→ Work instructions:
An exact restatement of all the data is required, with the pictures left out.

(Records contained in a dataset)
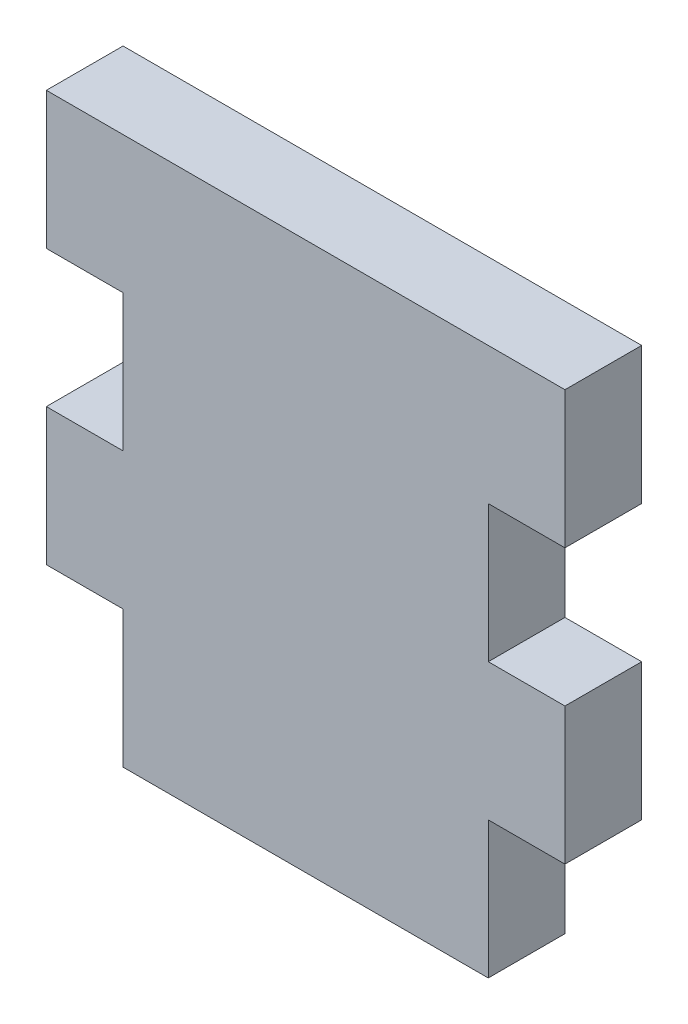
from build123d import *

# Parameters (mm, degrees)
SKETCH1_W           = 36.068
SKETCH1_H           = 38.1
BOSS_EXTRUDE1_DEPTH = 5.334
SKETCH2_W           = 5.334
SKETCH2_H           = 9.525
CUT_EXTRUDE1_DEPTH  = 92.449120695


with BuildPart() as part:
    # Sketch1 → Boss-Extrude1 (new body)
    with BuildSketch(Plane.XY):
        with Locations((-70.051249325, -4.939142782)):
            Rectangle(SKETCH1_W, SKETCH1_H)
    extrude(amount=BOSS_EXTRUDE1_DEPTH)

    # Sketch2 → Cut-Extrude1 (cut, through all)
    with BuildSketch(Plane.XY.offset(5.334)):
        with Locations((-85.418249325, -19.226642782)):
            Rectangle(SKETCH2_W, SKETCH2_H)
        with Locations((-85.418249325, -0.176642782)):
            Rectangle(SKETCH2_W, SKETCH2_H)
        with Locations((-54.684249325, -0.176642782)):
            Rectangle(SKETCH2_W, SKETCH2_H)
        with Locations((-54.684249325, -19.226642782)):
            Rectangle(SKETCH2_W, SKETCH2_H)
    extrude(amount=-CUT_EXTRUDE1_DEPTH, mode=Mode.SUBTRACT)


solid = part.part

→ Solution:
from build123d import *

# Parameters (mm, degrees)
SKETCH1_W           = 36.068
SKETCH1_H           = 38.1
BOSS_EXTRUDE1_DEPTH = 5.334
SKETCH2_W           = 5.334
SKETCH2_H           = 9.525
CUT_EXTRUDE1_DEPTH  = 92.449120695


with BuildPart() as part:
    # Sketch1 → Boss-Extrude1 (new body)
    with BuildSketch(Plane.XY):
        with Locations((-70.051249325, -4.939142782)):
            Rectangle(SKETCH1_W, SKETCH1_H)
    extrude(amount=BOSS_EXTRUDE1_DEPTH)

    # Sketch2 → Cut-Extrude1 (cut, through all)
    with BuildSketch(Plane.XY.offset(5.334)):
        with Locations((-85.418249325, -19.226642782)):
            Rectangle(SKETCH2_W, SKETCH2_H)
        with Locations((-85.418249325, -0.176642782)):
            Rectangle(SKETCH2_W, SKETCH2_H)
        with Locations((-54.684249325, -0.176642782)):
            Rectangle(SKETCH2_W, SKETCH2_H)
        with Locations((-54.684249325, -19.226642782)):
            Rectangle(SKETCH2_W, SKETCH2_H)
    extrude(amount=-CUT_EXTRUDE1_DEPTH, mode=Mode.SUBTRACT)


solid = part.part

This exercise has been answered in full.